You can also find St. Mary of Kalashnikov holding an AK-47 and other knockoffs of “The BVM” holding grenades and rifles. You can get the images on bumper stickers, t-shirts, flags, tote bags, and fake icons, with the profits going to Ukrainian relief efforts. It’s a very odd mix of religion, memes, war, and commercialism. 

It’s a potent mix too. There’s a part of me that would love to pray to St. Javelin, to order stickers for my laptop and hang her flag on my front porch. Wouldn’t we all love to believe that the holy warriors of God were serving on the front lines in the Donbas, fighting off the tyranny of Vladimir Putin? How fun and exciting it is to imagine St. George, famous slayer of dragons, and St. Michael, fierce archangel of God, fighting the Russians and the forces of spiritual darkness alongside the virtuous underdogs of Ukraine. 

It’s an intoxicating spiritual cocktail to think that these saints would take up arms in the cause of the earthly good. Imagining St. Mary with a rocket launcher is cheeky and transgressive and scratches an inner itch for justice that exists in every human being.

I wish! I wish I could believe all this to be true. I wish I could pray to St. Javelin during this season. But I can’t. I can’t pray to St. Javelin because of what Jesus did in Holy Week.

The night before his crucifixion, we find Jesus himself telling his disciples to put down their weapons. It’s not a suggestion — it’s an urgent command. A posse has come to arrest Jesus, and Peter has already lunged forward to attack with a sword, preemptively striking one of the men and cutting off his ear. St. Peter is doing his best impersonation of St. Javelin. But as soon as the violence begins to break out, Jesus shuts it down. He heals the detached ear, and lets himself be chained up and led away instead. There would be no violence in Gethsemane.
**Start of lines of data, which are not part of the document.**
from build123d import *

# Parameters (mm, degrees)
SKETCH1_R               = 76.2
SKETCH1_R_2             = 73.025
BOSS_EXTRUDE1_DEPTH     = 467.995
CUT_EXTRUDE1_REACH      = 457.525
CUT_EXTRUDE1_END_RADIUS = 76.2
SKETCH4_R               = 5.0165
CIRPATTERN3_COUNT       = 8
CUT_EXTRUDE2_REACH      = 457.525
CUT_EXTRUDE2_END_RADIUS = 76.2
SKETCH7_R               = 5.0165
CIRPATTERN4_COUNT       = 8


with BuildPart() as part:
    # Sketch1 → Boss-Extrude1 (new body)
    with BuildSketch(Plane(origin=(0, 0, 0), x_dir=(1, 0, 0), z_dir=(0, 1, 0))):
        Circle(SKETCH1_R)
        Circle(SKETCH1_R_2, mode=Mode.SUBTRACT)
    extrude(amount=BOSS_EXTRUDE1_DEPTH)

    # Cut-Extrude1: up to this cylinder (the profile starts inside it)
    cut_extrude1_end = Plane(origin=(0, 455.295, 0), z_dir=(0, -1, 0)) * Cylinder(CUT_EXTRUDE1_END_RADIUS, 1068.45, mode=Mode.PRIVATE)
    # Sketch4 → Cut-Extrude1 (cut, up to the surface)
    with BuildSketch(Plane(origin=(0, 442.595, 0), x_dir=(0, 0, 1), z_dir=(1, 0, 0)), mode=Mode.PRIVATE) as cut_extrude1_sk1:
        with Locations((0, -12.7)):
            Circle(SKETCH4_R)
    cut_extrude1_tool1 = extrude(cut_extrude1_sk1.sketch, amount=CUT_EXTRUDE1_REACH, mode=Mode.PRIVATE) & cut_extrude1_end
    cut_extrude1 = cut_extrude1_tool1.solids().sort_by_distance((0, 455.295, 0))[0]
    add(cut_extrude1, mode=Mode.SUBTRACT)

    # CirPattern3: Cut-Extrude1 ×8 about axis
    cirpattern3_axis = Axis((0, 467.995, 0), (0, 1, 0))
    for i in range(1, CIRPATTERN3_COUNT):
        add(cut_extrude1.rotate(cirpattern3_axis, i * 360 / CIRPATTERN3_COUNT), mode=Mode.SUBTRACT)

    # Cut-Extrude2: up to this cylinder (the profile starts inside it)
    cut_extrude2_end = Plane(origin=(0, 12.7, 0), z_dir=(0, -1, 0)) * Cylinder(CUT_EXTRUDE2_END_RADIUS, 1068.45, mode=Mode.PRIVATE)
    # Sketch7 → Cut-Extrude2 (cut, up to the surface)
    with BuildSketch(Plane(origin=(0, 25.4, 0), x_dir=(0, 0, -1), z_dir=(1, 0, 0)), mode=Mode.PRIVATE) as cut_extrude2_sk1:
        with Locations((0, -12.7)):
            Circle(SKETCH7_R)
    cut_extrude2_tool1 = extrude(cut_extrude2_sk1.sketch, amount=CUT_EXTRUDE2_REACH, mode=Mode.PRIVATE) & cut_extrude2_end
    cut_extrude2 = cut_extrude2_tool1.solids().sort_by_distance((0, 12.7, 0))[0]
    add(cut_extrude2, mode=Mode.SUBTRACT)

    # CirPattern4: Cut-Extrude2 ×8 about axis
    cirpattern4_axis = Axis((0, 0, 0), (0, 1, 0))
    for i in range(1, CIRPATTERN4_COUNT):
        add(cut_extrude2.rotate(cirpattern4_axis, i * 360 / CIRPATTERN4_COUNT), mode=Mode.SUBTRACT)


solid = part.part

And the next day, Jesus allows the Romans to crucify him, putting up no resistance other than a sure and certain confidence in God’s providence. He is like a sheep being led to the slaughter: unresisting. St. Javelin may have taken up arms, but Christ allowed his arms and side to be pierced. It was all part of the plan, of course, but most of us do not plan for our own defeat like Jesus does.

Good Friday inverts our expectations about where to find Jesus Christ or any other saint in Ukraine’s war. I do not think we would find him piloting drones or hoofing Javelins, or even taking smartphone videos of war crimes to share with the world. Instead, I think Jesus was probably sitting next to a terrified Russian reservist, who has realized too late that he is not a rescuer, but an occupier, whose tank was moments away from being blown up. Or if he’s not there, Jesus was probably waiting in line at the train station in Kramatorsk that was bombed last week, killed alongside the other 50 civilians when the missile fell unannounced from the sky. Or if he’s not there, Jesus was tied at the wrists and ankles and executed in Bucha, and his body is probably still unburied and lying on the street. Or maybe Jesus was one of the unborn children who died in the womb with his mother when a missile struck the Woman’s Hospital in Mariupol.

St. Mary Kalashnikov by Chris Shaw

In this time of wild geopolitical upheaval, praying to St. Javelin can take a lot of forms. I know fellow Christians who are praying for Vladimir Putin’s assassination, and I know of others yet still who are praying for World War III so that the end times will come sooner and trigger Jesus’s return. Others share memes of The Sunflower Curse and praise The Ghost of Kyiv, while joking that Ukrainian President Volodymyr Zelensky is a 2022 sex symbol. As for me, I find myself staying up till 2am on Twitter and Reddit trying desperately to find any updates I can as I root for the Ukrainian people like the good guys in some months-long action movie. Perhaps I have accidentally prayed to two saints instead of just the one.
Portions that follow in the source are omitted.